La registrazione del motoneurone viene depolarizzata da iniezioni di corrente incrementalmente più grandi fino a quando non viene suscitato un potenziale d'azione. A questo punto, una corrente di placca terminale dovrebbe essere suscitata nella stimolazione continua del motoneurone muscolare a un hertz, si traduce in correnti di placca terminale senza guasti. Quando la frequenza dello stimolo viene aumentata a 100 hertz, le correnti della placca terminale fluttuano in ampiezza e vanno incontro a esaurimento funzionale entro 10 secondi dalla stimolazione.

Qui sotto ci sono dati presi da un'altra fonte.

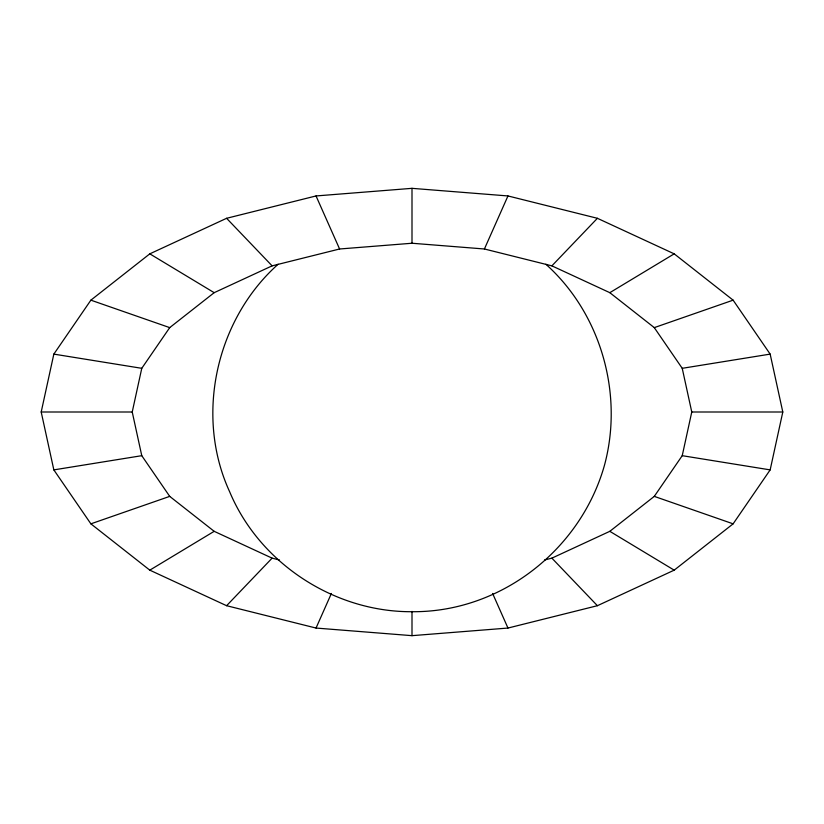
<?xml version="1.0" encoding="UTF-8"?>
<svg xmlns="http://www.w3.org/2000/svg" width="824" height="824" viewBox="0 0 824 824"><rect width="100%" height="100%" fill="white"/><g stroke="black" fill="none" stroke-linecap="round" stroke-linejoin="round"><path stroke-width="1.24" d="M41.2 412L53.838 354.114L90.877 300.163L149.803 253.844L226.6 218.298L316.035 195.947L412 188.335L507.965 195.947L597.4 218.298L674.197 253.844L733.123 300.163L770.162 354.114L782.8 412L770.162 469.886L733.123 523.837L674.197 570.156L597.4 605.702L507.965 628.053L412 635.664L316.035 628.053L226.6 605.702L149.803 570.156L90.877 523.837L53.838 469.886L41.2 412L132.231 412L141.769 368.318L169.713 327.622L214.178 292.674L272.116 265.853L339.591 248.992L412 243.245L484.409 248.992L551.884 265.853L609.822 292.674L654.287 327.622L682.231 368.318L691.769 412L682.231 455.682L654.287 496.378L609.822 531.326L551.884 558.147L544.52 559.99M316.035 628.053L331.392 593.455M484.409 248.992L507.965 195.947M226.6 605.702L272.116 558.147L279.48 559.99M551.884 265.853L597.4 218.298M278.131 264.236C215.97 319.743 194.639 415.801 229.669 491.804C259.601 563.4 334.472 612.191 412 611.707C500.58 612.49 580.632 549.927 604.486 465.2C623.716 393.923 600.943 313.614 545.869 264.236M149.803 570.156L214.178 531.326L272.116 558.147M609.822 292.674L674.197 253.844M90.877 523.837L169.713 496.378L214.178 531.326M654.287 327.622L733.123 300.163M53.838 469.886L141.769 455.682L169.713 496.378M682.231 368.318L770.162 354.114M691.769 412L782.8 412M53.838 354.114L141.769 368.318M682.231 455.682L770.162 469.886M90.877 300.163L169.713 327.622M654.287 496.378L733.123 523.837M149.803 253.844L214.178 292.674M609.822 531.326L674.197 570.156M226.6 218.298L272.116 265.853M551.884 558.147L597.4 605.702M316.035 195.947L339.591 248.992M492.608 593.455L507.965 628.053M132.231 412L141.769 455.682M412 188.335L412 243.245M412 611.408L412 635.664"/></g></svg>

In genere, la registrazione dei neuroni è stabile fino a un'ora, ma le cellule muscolari si deteriorano come riflesso di un aumento della resistenza in serie. Quando ciò si verifica, l'esperimento viene terminato o un'altra cellula muscolare viene bloccata con il patch. Tutte le registrazioni devono essere completate entro un'ora.
Una volta masterizzata una coppia, la registrazione può essere completata entro un'ora o mezza. E' anche possibile ottenere una o due coppie aggiuntive nei segmenti adiacenti. Una tipica giornata di registrazione produrrà due o tre coppie.
Le registrazioni accoppiate del muscolo scheletrico dei motoneuroni offrono un'opportunità unica per esplorare il funzionamento fondamentale della trasmissione neuromuscolare. Se utilizzato in combinazione con le linee di pesci mutanti Motility, può individuare la fonte della disfunzione neuromuscolare e fornire nuove informazioni sui meccanismi alla base delle malattie umane come la sindrome metastatica.
Questo video dimostra i metodi per la registrazione simultanea di patch clamp da un motoneurone spinale e il muscolo scheletrico bersaglio in zebrine larve. La procedura include l'identificazione del motoneurone e delle cellule muscolari, nonché le metodologie per la registrazione da ciascun tipo di cellula.